I mean, it can't possibly be that the reason he needed the job is so he gets to sit in front of the SMTV3 cameras and talk about whatever comes into his head all night, can it? And that it somehow never once occurred to him that he might actually have to get something finished?

So here is what the Agenda for tonight's City Council meeting says. Or at least that small portion of the Agenda that you can find on-line:

Recommendation that the City Council hold a Public Hearing regarding the proposed water rate increase, approve the rates listed therein, read Ordinance No. 1312 by title only, and direct staff to place Ordinance No. 1312 on the agenda for a second reading December 14, 2010.

Honestly, I doubt the first reading will be all that interesting. So why should they want to drag us through all that again on December 14? Are they saving this water rate hike until they can give it to us as a Christmas present? Will they drop it down our chimneys along with some helpful pamphlets on drought resistant plants and how best to care for your new remote read City supplied water meter?

I don't know how much more of this I can take. Raise the damn rates already. Run roughshod over our rights. Declare that you have done all this to pay down the bond debt even though at first you said it was to fix the pipes. I mean, for God's sake, do something, man! Almost an entire year and all the Gang of 4 can manage to do is raise water rates ten bucks a month? That is, if they ever actually get around to doing it?

I'm telling you, I am pretty underwhelmed. If this is all they are capable of doing, then maybe the City is safe from whack-o predatory development after all. If talk were buildings, we'd be living in a Brave New Manhattan by now. Or at least Pasadena.

Someone somewhere defined Hell as the absence of all interest, the death of all possibility and an addiction to nothingness. If when I die I find myself in a place that looks a lot like City Hall, and seated before me are creatures that appear strikingly similar to the Gang of 4, it is then that I will know that I truly am a sinner, and that I am in for an eternity of sorrow, regret and soul crushing futility.

There is one other event scheduled for this evening. And that is:

Proposed Canyon Zone: Joint Special Study Session of the City Council and Planning Commission, November 23, 2010 - - - A Brief History of a Long "Process"

The City Council and Planning Commission will hold a special joint study session on the proposed new Canyon Zone. The study session will be held this evening, November 23, 2010, at 6:00 PM in the City Hall Council Chambers. The meeting is open to the public and there will be an opportunity for any and all to comment.

Regulations pertaining to the development of a Canyon Zone have been discussed and studied in the past, but never seem to get finalized. The difficulties inherent in applying the current R-1 residential zoning standards to the Canyon area prompts the need to adopt new, separate zoning standards that allow reasonable development of properties there while preserving the unique character and natural environment that typifies the place. The proposed zoning would establish standards for dwelling size, building height, massing and setbacks, parking, lot coverage, permitted uses, construction sites, and other equally important standards. The proposed zoning would apply to new construction and building additions.

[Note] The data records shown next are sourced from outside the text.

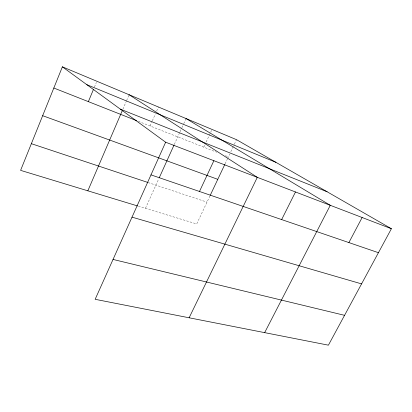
<?xml version="1.0" encoding="UTF-8"?>
<svg xmlns="http://www.w3.org/2000/svg" width="412" height="412" viewBox="0 0 412 412"><rect width="100%" height="100%" fill="white"/><g stroke="black" fill="none" stroke-linecap="round" stroke-linejoin="round"><path stroke-width="0.31" stroke-dasharray="2.06 1.54" d="M94.441 87.076L96.382 82.415M122.905 109.175L126.376 101.089M126.623 100.513L128.858 95.316M150.076 125.964L152.105 121.37M152.358 120.793L155.396 113.903M156.663 111.029L158.435 107.007M145.431 208.343L158.795 178.777M174.302 144.468L179.807 132.288M180.065 131.716L181.62 128.281M181.877 127.705L183.428 124.27M183.69 123.698L186.018 118.548M203.801 147.146L204.857 144.854M206.18 141.996L210.414 132.844M210.676 132.273L212 129.414M209.971 195.87L196.715 223.948L138.144 206.129M225.137 163.765L227.316 159.15M227.589 158.574L229.757 153.98M230.838 151.693L234.083 144.823M234.351 144.252L236.514 139.668M148.047 182.521L207.009 202.148M138.314 121.329L216.686 152.224M225.477 155.69L228.403 156.843"/><path stroke-width="0.62" d="M62.377 66.826L165.639 142.217L95.151 299.308L328.416 345.174L391.4 228.727L236.514 139.668L62.377 66.826L20.6 170.357L137.536 205.943M88.369 101.635L93.467 89.409M87.844 190.818L122.41 110.328M159.315 177.618L174.034 145.055M199.485 191.477L213.885 160.701M210.244 195.303L224.864 164.342M189.123 317.786L257.304 177.34L129.105 94.739M281.648 219.581L295.481 191.971M264.659 332.639L330.285 205.305L186.018 118.548M348.887 242.58L362.138 217.51M113.043 259.436L344.561 315.329M132.015 217.15L361.566 283.889M31.363 143.685L147.439 182.32M150.983 174.884L378.437 252.69M42.657 115.695L217.783 179.333M165.639 142.217L391.4 228.727M53.823 88.019L136.552 120.634M120.335 109.139L327.066 191.734M86.834 84.676L275.937 162.338"/></g></svg>
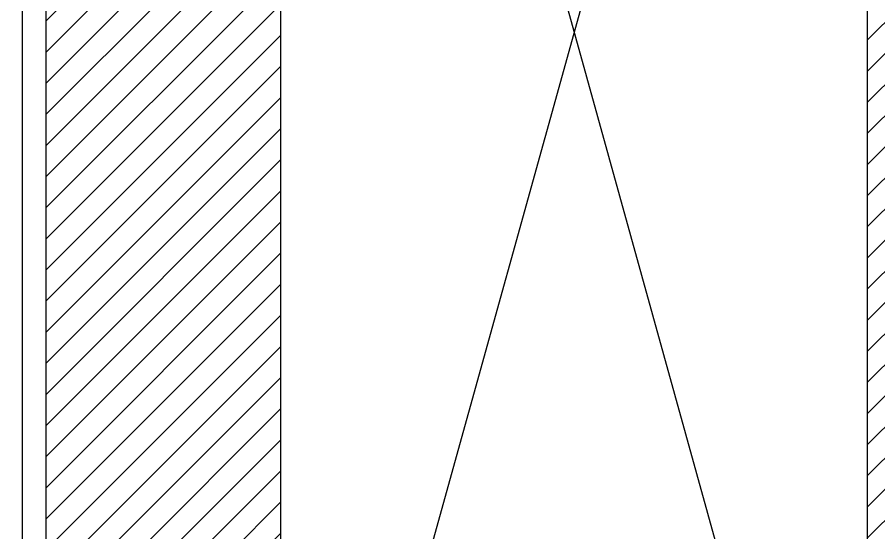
# Model space of a CAD drawing. Header units: inches. Extents: x 258415 to 640093, y 441672 to 945769.
# Drawn here: x 308731 to 309465, y 468188 to 468627 of the extents above; entities that cross this region are included whole.
import ezdxf

# ---------------------------------------------------------------- set-up
doc = ezdxf.new("R2010")
doc.units = ezdxf.units.IN
doc.header["$MEASUREMENT"] = 0
for name, color, linetype in [('CQ Plaster', 1, 'Continuous'), ('CQ Wall plan', 3, 'Continuous'), ('xref grd floor$2$CQ Wall hatch_CHB', 8, 'Continuous')]:
    doc.layers.add(name, color=color, linetype=linetype)
pattern_1 = [(45, (0, 0), (-13.25825215, 13.25825215), [])]

# ---------------------------------------------------------------- blocks, each defined once
blk = doc.blocks.new('ff-12 wall plan')
at = {"layer": 'xref grd floor$2$CQ Wall hatch_CHB'}
h = blk.add_hatch(dxfattribs=at)
h.set_pattern_fill('ANSI31,_O', color=8, scale=150)
h.set_pattern_definition(pattern_1)
h.paths.add_polyline_path([(308955.44, 469614.09), (309555.44, 469614.09), (309555.44, 467714.09), (309455.44, 467714.09), (309455.44, 469514.09), (308955.44, 469514.09)])
h = blk.add_hatch(dxfattribs=at)
h.set_pattern_fill('ANSI31,_O', color=8, scale=150)
h.set_pattern_definition(pattern_1)
h.paths.add_polyline_path([(312635.44, 469204.09), (312635.44, 467298.62), (312435.44, 467298.62), (312435.44, 467514.09), (308955.44, 467514.09), (308955.44, 467298.62), (308755.44, 467298.62), (308755.44, 467614.09), (308408.5, 467614.09), (308408.5, 467814.09), (308755.44, 467814.09), (308755.44, 468804.09), (308955.44, 468804.09), (308955.44, 467714.09), (312435.44, 467714.09), (312435.44, 469204.09)])
at = {"layer": 'CQ Plaster', "elevation": 0}
blk.add_lwpolyline([(308755.44, 469914.09), (308735.44, 469914.09), (308735.44, 467834.09), (308405.44, 467834.09)], dxfattribs=at)
at = {"layer": 'CQ Wall plan'}
for p, q in [((308755.44, 468804.09, 0), (308755.44, 467814.09, 0)), ((308955.44, 468604.56, 0), (308955.44, 467714.09, 0))]:
    blk.add_line(p, q, dxfattribs=at)
at = {"layer": 'CQ Wall plan', "elevation": 0}
for points in [[(308955.44, 467714.09), (309455.44, 467714.09), (309455.44, 469514.09), (308955.44, 469514.09)], [(309455.44, 469514.09), (308955.44, 469514.09), (308955.44, 467714.09), (309455.44, 467714.09)]]:
    blk.add_lwpolyline(points, close=True, dxfattribs=at)
at = {"layer": 'xref grd floor$2$CQ Wall hatch_CHB', "color": 8}
for p, q in [((308955.44, 469514.09, 0), (309455.44, 467714.09, 0)), ((309455.44, 469514.09, 0), (308955.44, 467714.09, 0))]:
    blk.add_line(p, q, dxfattribs=at)

msp = doc.modelspace()

# ---------------------------------------------------------------- block references
at = {"layer": 'CQ Wall plan'}
msp.add_blockref('ff-12 wall plan', (0, 0), dxfattribs=at)

doc.saveas('drawing.dxf')
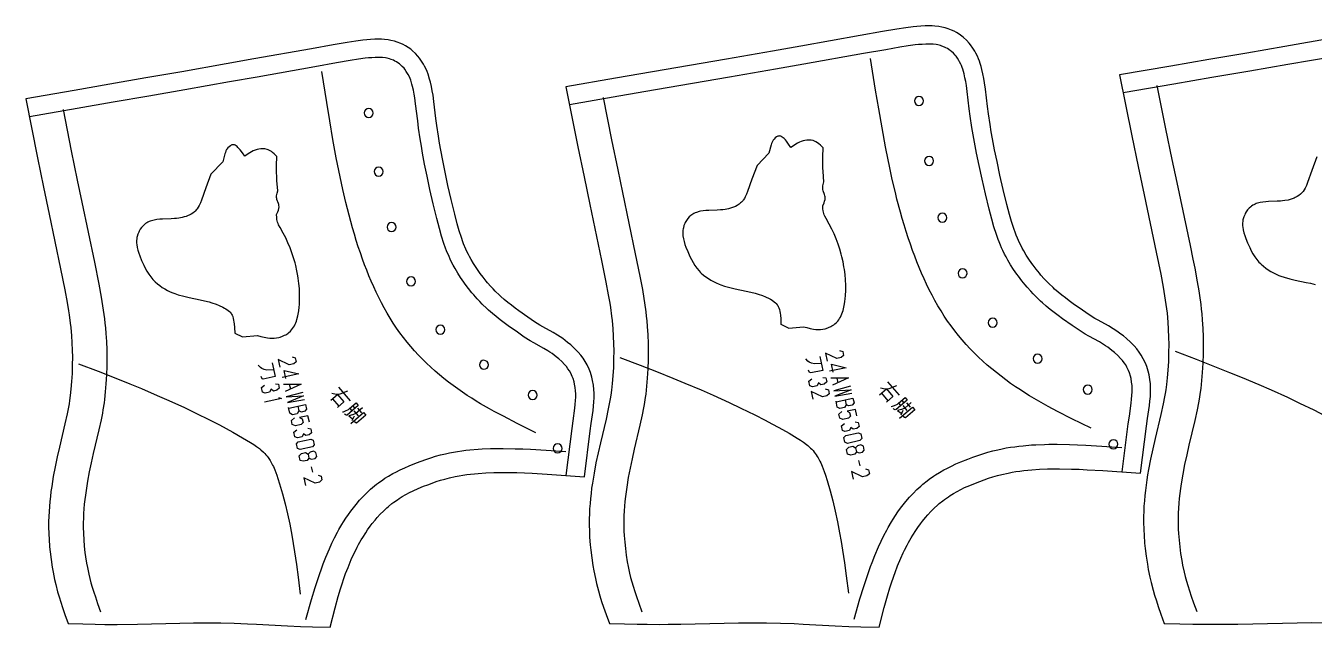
# Model space of a CAD drawing. Extents: x 870 to 2252, y -335 to 1751.
# Drawn here: x 869.5 to 1226.9, y -334.7 to -167.7 of the extents above; entities that cross this region are included whole.
import ezdxf

# ---------------------------------------------------------------- set-up
doc = ezdxf.new("R2010")
doc.units = 0

msp = doc.modelspace()

# ---------------------------------------------------------------- linework, layer by layer
for points in [[(1019.297302, -184.619171), (1022.661621, -201.320267), (1024.364624, -209.670822), (1025.943115, -217.271286), (1029.217896, -232.843201), (1030.441528, -238.842331), (1031.100708, -242.375977), (1031.495239, -244.737762), (1031.675293, -245.9207), (1031.994873, -248.291092), (1032.131958, -249.478897), (1032.354614, -251.859726), (1032.480957, -253.799957), (1032.568237, -256.067688), (1032.594849, -257.88266), (1032.574707, -260.215973), (1032.494995, -262.548187), (1032.357178, -264.87796), (1032.179565, -267.010956), (1031.981567, -268.815063), (1031.779785, -270.282684), (1031.628906, -271.233795), (1031.464355, -272.182465), (1031.098999, -274.073792), (1030.481201, -276.899811), (1028.904785, -283.483124), (1028.266113, -286.271912), (1027.673828, -289.07135), (1027.140869, -291.880554), (1026.679688, -294.698578), (1026.47998, -296.110687), (1026.303101, -297.52475), (1026.150391, -298.940582), (1026.023804, -300.358032), (1025.924683, -301.777222), (1025.854614, -303.197693), (1025.815186, -304.619751), (1025.807739, -306.061951), (1025.856689, -308.226166), (1025.928223, -309.668579), (1026.091187, -311.830109), (1026.235962, -313.268585), (1026.504395, -315.420959), (1026.833008, -317.564148), (1027.085815, -318.986938), (1027.517456, -321.110138), (1027.840698, -322.517212), (1028.380737, -324.61322), (1028.778198, -325.999725), (1029.257568, -327.539337), (1029.767578, -329.069397), (1030.482056, -331.098785), (1031.405029, -333.62616), (1035.597046, -333.747528), (1039.090576, -333.828156), (1041.885376, -333.867218), (1045.384766, -333.875), (1047.717896, -333.857971), (1051.217651, -333.806824), (1063.281738, -333.536133), (1067.178589, -333.468079), (1071.074951, -333.434875), (1074.970459, -333.451355), (1078.864136, -333.532623), (1082.653198, -333.681122), (1085.178589, -333.808289), (1094.016479, -334.30014), (1097.805786, -334.471283), (1101.178345, -334.577057), (1106.23877, -334.684906), (1107.653076, -329.195007), (1108.561401, -325.919861), (1109.210938, -323.750458), (1109.552368, -322.670959), (1110.274292, -320.524292), (1110.657104, -319.457764), (1111.344482, -317.658936), (1112.262451, -315.465729), (1112.920776, -314.023376), (1113.264404, -313.309174), (1113.982056, -311.896637), (1114.356323, -311.198944), (1115.137573, -309.822449), (1115.5448, -309.14447), (1116.393555, -307.810486), (1116.931519, -307.016785), (1117.67749, -305.978394), (1118.259399, -305.215851), (1119.067139, -304.22229), (1119.696045, -303.497986), (1120.566284, -302.560455), (1121.473145, -301.656555), (1122.415161, -300.789246), (1122.89917, -300.3703), (1123.891968, -299.563599), (1124.400635, -299.176544), (1125.441528, -298.436981), (1125.973511, -298.085114), (1126.845703, -297.545258), (1127.859009, -296.970184), (1128.892578, -296.431549), (1129.942993, -295.924438), (1131.364136, -295.288513), (1132.920654, -294.641357), (1134.128662, -294.171295), (1135.345947, -293.727234), (1136.572266, -293.311035), (1137.807373, -292.924438), (1139.050781, -292.569305), (1140.302368, -292.247375), (1142.005981, -291.868225), (1143.086182, -291.661835), (1144.170898, -291.479187), (1145.259766, -291.319122), (1146.352417, -291.180511), (1147.448486, -291.062134), (1148.547363, -290.962799), (1150.751709, -290.816803), (1152.962158, -290.73291), (1154.068604, -290.711334), (1156.281616, -290.703003), (1159.568481, -290.760498), (1161.745972, -290.835663), (1163.920166, -290.93512), (1168.260864, -291.189423), (1178.775024, -291.918793), (1180.408203, -278.841248), (1180.690308, -276.734772), (1181.209106, -273.109161), (1181.351563, -271.888824), (1181.459351, -270.63266), (1181.514526, -269.454163), (1181.514771, -268.203186), (1181.460083, -267.127106), (1181.325439, -265.878601), (1181.092285, -264.567017), (1180.859497, -263.605743), (1180.461548, -262.328674), (1180.092285, -261.376312), (1179.502686, -260.129364), (1178.961548, -259.185303), (1178.349731, -258.267029), (1177.695313, -257.40863), (1176.99353, -256.589844), (1175.959473, -255.525696), (1174.888794, -254.554291), (1173.993774, -253.815506), (1173.291992, -253.273438), (1172.580811, -252.756241), (1171.850708, -252.258789), (1171.119141, -251.792694), (1169.836182, -251.041321), (1166.942505, -249.451904), (1166.05603, -248.928589), (1164.514038, -247.949951), (1162.641479, -246.682098), (1160.05957, -244.864258), (1158.978516, -244.073669), (1157.914063, -243.268631), (1156.880615, -242.45491), (1155.881226, -241.629883), (1154.902466, -240.7771), (1154.470459, -240.383591), (1153.286499, -239.243698), (1152.6604, -238.60405), (1152.038818, -237.94194), (1151.096191, -236.886551), (1150.673218, -236.390732), (1149.790771, -235.306519), (1148.944702, -234.196869), (1148.567017, -233.675934), (1147.781738, -232.533356), (1147.050293, -231.387268), (1146.35498, -230.208115), (1145.918457, -229.414063), (1145.593994, -228.79097), (1145.164917, -227.917892), (1144.868286, -227.276672), (1144.58374, -226.62738), (1144.243286, -225.80011), (1144.019775, -225.223557), (1143.573364, -223.985275), (1142.95105, -222.054443), (1142.384644, -220.080002), (1141.673218, -217.340546), (1140.660767, -213.158203), (1139.742065, -209.162491), (1138.924316, -205.417343), (1138.248047, -202.08847), (1137.689941, -199.09996), (1137.345581, -197.113556), (1137.021851, -195.123856), (1136.572144, -192.108078), (1136.302368, -190.115341), (1135.716797, -185.283859), (1135.476196, -183.530273), (1135.275024, -182.300812), (1135.03418, -181.054489), (1134.746094, -179.805344), (1134.527466, -178.986008), (1134.290649, -178.19664), (1134.062378, -177.522385), (1133.801514, -176.837921), (1133.510986, -176.163116), (1133.076294, -175.283554), (1132.778076, -174.74707), (1132.231934, -173.870697), (1131.61853, -173.024643), (1131.20752, -172.518936), (1130.477783, -171.721054), (1129.673462, -170.975586), (1129.142822, -170.544571), (1128.387573, -170.005157), (1127.708374, -169.587341), (1127.033691, -169.225189), (1126.318848, -168.89183), (1125.342651, -168.514648), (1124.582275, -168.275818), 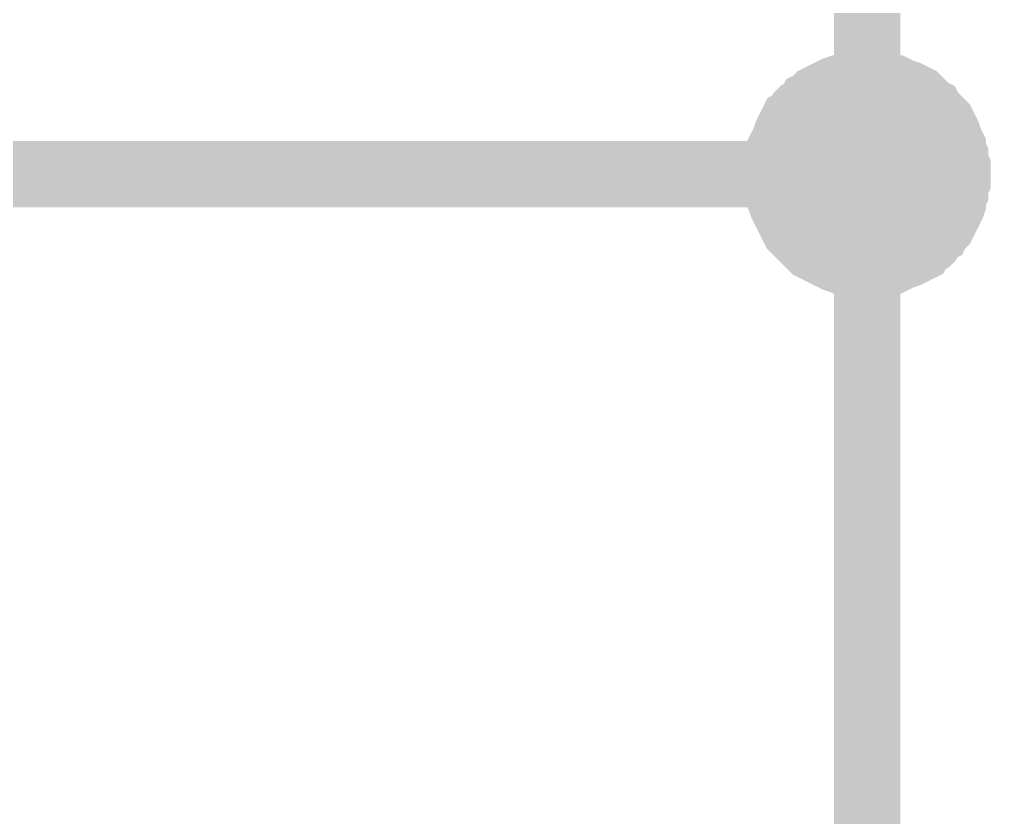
# Model space of a CAD drawing. Header units: millimetres. Extents: x 0 to 594, y 0 to 420.
# Drawn here: x 205.164 to 209.55, y 347.094 to 350.698 of the extents above; entities that cross this region are included whole.
import ezdxf

# ---------------------------------------------------------------- set-up
doc = ezdxf.new("R2010")
doc.units = ezdxf.units.MM
doc.layers.add('Sheet', color=255, linetype='Continuous')

msp = doc.modelspace()

# ---------------------------------------------------------------- linework, layer by layer
at = {"layer": 'Sheet', "color": 0}
for points, const_width in [([(208.9922, 361.9912), (208.9922, 354.9955), (208.9922, 350)], 0.2997), ([(208.4842, 350), (208.4842, 350.0212), (208.4842, 350.0529), (208.4948, 350.0741), (208.4948, 350.1058), (208.4948, 350.127), (208.5053, 350.1482), (208.5159, 350.1693), (208.5265, 350.1905), (208.5371, 350.2223), (208.5477, 350.2434), (208.5583, 350.2646), (208.5688, 350.2858), (208.5794, 350.3069), (208.6006, 350.3175), (208.6112, 350.3387), (208.6323, 350.3598), (208.6535, 350.3704), (208.6641, 350.3916), (208.6853, 350.4022), (208.7064, 350.4233), (208.7276, 350.4339), (208.7488, 350.4445), (208.7699, 350.4551), (208.7911, 350.4657), (208.8123, 350.4763), (208.844, 350.4868), (208.8652, 350.4868), (208.8863, 350.4974), (208.9181, 350.4974), (208.9392, 350.508), (208.9604, 350.508), (208.9922, 350.508)], 0.0991), ([(208.4842, 350), (208.4842, 350.0212), (208.4842, 350.0529), (208.4948, 350.0741), (208.4948, 350.1058), (208.4948, 350.127), (208.5053, 350.1482), (208.5159, 350.1693), (208.5265, 350.1905), (208.5371, 350.2223), (208.5477, 350.2434), (208.5583, 350.2646), (208.5688, 350.2858), (208.5794, 350.3069), (208.6006, 350.3175), (208.6112, 350.3387), (208.6323, 350.3598), (208.6535, 350.3704), (208.6641, 350.3916), (208.6853, 350.4022), (208.7064, 350.4233), (208.7276, 350.4339), (208.7488, 350.4445), (208.7699, 350.4551), (208.7911, 350.4657), (208.8123, 350.4763), (208.844, 350.4868), (208.8652, 350.4868), (208.8863, 350.4974), (208.9181, 350.4974), (208.9392, 350.508), (208.9604, 350.508), (208.9922, 350.508)], 0.0991), ([(208.4842, 350), (208.4842, 350.0212), (208.4842, 350.0529), (208.4948, 350.0741), (208.4948, 350.1058), (208.4948, 350.127), (208.5053, 350.1482), (208.5159, 350.1693), (208.5265, 350.1905), (208.5371, 350.2223), (208.5477, 350.2434), (208.5583, 350.2646), (208.5688, 350.2858), (208.5794, 350.3069), (208.6006, 350.3175), (208.6112, 350.3387), (208.6323, 350.3598), (208.6535, 350.3704), (208.6641, 350.3916), (208.6853, 350.4022), (208.7064, 350.4233), (208.7276, 350.4339), (208.7488, 350.4445), (208.7699, 350.4551), (208.7911, 350.4657), (208.8123, 350.4763), (208.844, 350.4868), (208.8652, 350.4868), (208.8863, 350.4974), (208.9181, 350.4974), (208.9392, 350.508), (208.9604, 350.508), (208.9922, 350.508)], 0.0991), ([(208.4842, 350), (208.4842, 350.0212), (208.4842, 350.0529), (208.4948, 350.0741), (208.4948, 350.1058), (208.4948, 350.127), (208.5053, 350.1482), (208.5159, 350.1693), (208.5265, 350.1905), (208.5371, 350.2223), (208.5477, 350.2434), (208.5583, 350.2646), (208.5688, 350.2858), (208.5794, 350.3069), (208.6006, 350.3175), (208.6112, 350.3387), (208.6323, 350.3598), (208.6535, 350.3704), (208.6641, 350.3916), (208.6853, 350.4022), (208.7064, 350.4233), (208.7276, 350.4339), (208.7488, 350.4445), (208.7699, 350.4551), (208.7911, 350.4657), (208.8123, 350.4763), (208.844, 350.4868), (208.8652, 350.4868), (208.8863, 350.4974), (208.9181, 350.4974), (208.9392, 350.508), (208.9604, 350.508), (208.9922, 350.508)], 0.0991), ([(208.4842, 350), (208.4842, 350.0212), (208.4842, 350.0529), (208.4948, 350.0741), (208.4948, 350.1058), (208.4948, 350.127), (208.5053, 350.1482), (208.5159, 350.1693), (208.5265, 350.1905), (208.5371, 350.2223), (208.5477, 350.2434), (208.5583, 350.2646), (208.5688, 350.2858), (208.5794, 350.3069), (208.6006, 350.3175), (208.6112, 350.3387), (208.6323, 350.3598), (208.6535, 350.3704), (208.6641, 350.3916), (208.6853, 350.4022), (208.7064, 350.4233), (208.7276, 350.4339), (208.7488, 350.4445), (208.7699, 350.4551), (208.7911, 350.4657), (208.8123, 350.4763), (208.844, 350.4868), (208.8652, 350.4868), (208.8863, 350.4974), (208.9181, 350.4974), (208.9392, 350.508), (208.9604, 350.508), (208.9922, 350.508)], 0.0991), ([(208.4842, 350), (208.4842, 350.0212), (208.4842, 350.0529), (208.4948, 350.0741), (208.4948, 350.1058), (208.4948, 350.127), (208.5053, 350.1482), (208.5159, 350.1693), (208.5265, 350.1905), (208.5371, 350.2223), (208.5477, 350.2434), (208.5583, 350.2646), (208.5688, 350.2858), (208.5794, 350.3069), (208.6006, 350.3175), (208.6112, 350.3387), (208.6323, 350.3598), (208.6535, 350.3704), (208.6641, 350.3916), (208.6853, 350.4022), (208.7064, 350.4233), (208.7276, 350.4339), (208.7488, 350.4445), (208.7699, 350.4551), (208.7911, 350.4657), (208.8123, 350.4763), (208.844, 350.4868), (208.8652, 350.4868), (208.8863, 350.4974), (208.9181, 350.4974), (208.9392, 350.508), (208.9604, 350.508), (208.9922, 350.508)], 0.0991), ([(208.4842, 350), (208.4842, 350.0212), (208.4842, 350.0529), (208.4948, 350.0741), (208.4948, 350.1058), (208.4948, 350.127), (208.5053, 350.1482), (208.5159, 350.1693), (208.5265, 350.1905), (208.5371, 350.2223), (208.5477, 350.2434), (208.5583, 350.2646), (208.5688, 350.2858), (208.5794, 350.3069), (208.6006, 350.3175), (208.6112, 350.3387), (208.6323, 350.3598), (208.6535, 350.3704), (208.6641, 350.3916), (208.6853, 350.4022), (208.7064, 350.4233), (208.7276, 350.4339), (208.7488, 350.4445), (208.7699, 350.4551), (208.7911, 350.4657), (208.8123, 350.4763), (208.844, 350.4868), (208.8652, 350.4868), (208.8863, 350.4974), (208.9181, 350.4974), (208.9392, 350.508), (208.9604, 350.508), (208.9922, 350.508)], 0.0991), ([(208.4842, 350), (208.4842, 350.0212), (208.4842, 350.0529), (208.4948, 350.0741), (208.4948, 350.1058), (208.4948, 350.127), (208.5053, 350.1482), (208.5159, 350.1693), (208.5265, 350.1905), (208.5371, 350.2223), (208.5477, 350.2434), (208.5583, 350.2646), (208.5688, 350.2858), (208.5794, 350.3069), (208.6006, 350.3175), (208.6112, 350.3387), (208.6323, 350.3598), (208.6535, 350.3704), (208.6641, 350.3916), (208.6853, 350.4022), (208.7064, 350.4233), (208.7276, 350.4339), (208.7488, 350.4445), (208.7699, 350.4551), (208.7911, 350.4657), (208.8123, 350.4763), (208.844, 350.4868), (208.8652, 350.4868), (208.8863, 350.4974), (208.9181, 350.4974), (208.9392, 350.508), (208.9604, 350.508), (208.9922, 350.508)], 0.0991), ([(208.9922, 350.508), (208.9922, 350.508)], 0.0991), ([(208.9922, 350.508), (209.0133, 350.508), (209.0451, 350.508), (209.0662, 350.4974), (209.098, 350.4974), (209.1192, 350.4868), (209.1403, 350.4868), (209.1615, 350.4763), (209.1827, 350.4657), (209.2144, 350.4551), (209.2356, 350.4445), (209.2567, 350.4339), (209.2779, 350.4233), (209.2991, 350.4022), (209.3096, 350.3916), (209.3308, 350.3704), (209.352, 350.3598), (209.3626, 350.3387), (209.3837, 350.3175), (209.3943, 350.3069), (209.4155, 350.2858), (209.4261, 350.2646), (209.4366, 350.2434), (209.4472, 350.2223), (209.4578, 350.1905), (209.4684, 350.1693), (209.479, 350.1482), (209.479, 350.127), (209.4896, 350.1058), (209.4896, 350.0741), (209.5001, 350.0529), (209.5001, 350.0212), (209.5001, 350)], 0.0991), ([(208.9922, 350.508), (208.9922, 350.508)], 0.0991), ([(208.9922, 350.508), (209.0133, 350.508), (209.0451, 350.508), (209.0662, 350.4974), (209.098, 350.4974), (209.1192, 350.4868), (209.1403, 350.4868), (209.1615, 350.4763), (209.1827, 350.4657), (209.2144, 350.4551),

You might wonder why this item is before the City Council as a Joint Special Study Session of the City Council and Planning Commission. The Canyon Zone Committee -- made up of Canyon residents John Herrmann, Caroline Brown, Michael Howard, Jim Monacchino and Sherry Robison met regularly for a full year; held Community Outreach meetings; and conducted a well-attended Canyon walkabout. This committee gave serious and informed deliberation to prior Canyon Residential Zone findings, and submitted their revised plan to the City Planning Department. Danny Castro, Director of the Planning Department, guided the committee at every step of their deliberations. MaryAnn MacGillivray acted as City Council Liaison to this very important Committee.

A previous Canyon Residential Zone Committee led by Kurt Christiansen, then Planning and Development Director, made up of Tom Pendleberry (architect), Michael Howard (educator), and Kathy Orth (Realtor) had embarked upon the identical task, taking their work up to the point of submitting a version to the Planning Commission.

Mr. Christiansen resigned from the City and the Canyon Residential Zone Plan languished as just another chapter in the 27-year old saga of creating a zone consistent with the unique challenges inherent in building in Sierra Madre Canyon.

Canyon residents had for years asked for a zone that spoke specifically to the small lots, lack of parking, unusual easements, narrow streets, and fire safety issues endangering residents but frequently overlooked by developers.

As the Canyon Residential Zone Committee neared the end of its task, a group of local contractors, realtors, and residents, claiming to speak for an unidentified majority, challenged the Committee as having been illegally constituted because there hadn't been any professionals knowledgeable about building and zoning codes chosen by the City Council to sit on the committee.

It is quite clear from the earlier Committee made up of Pendleberry, Henderson, Clemmons, Shifs, Howard, and Orth that the group challenging the most recent committee was just plain wrong. Nonetheless, the City Council has chosen to allow their questions to be brought to the Joint Meeting tonight.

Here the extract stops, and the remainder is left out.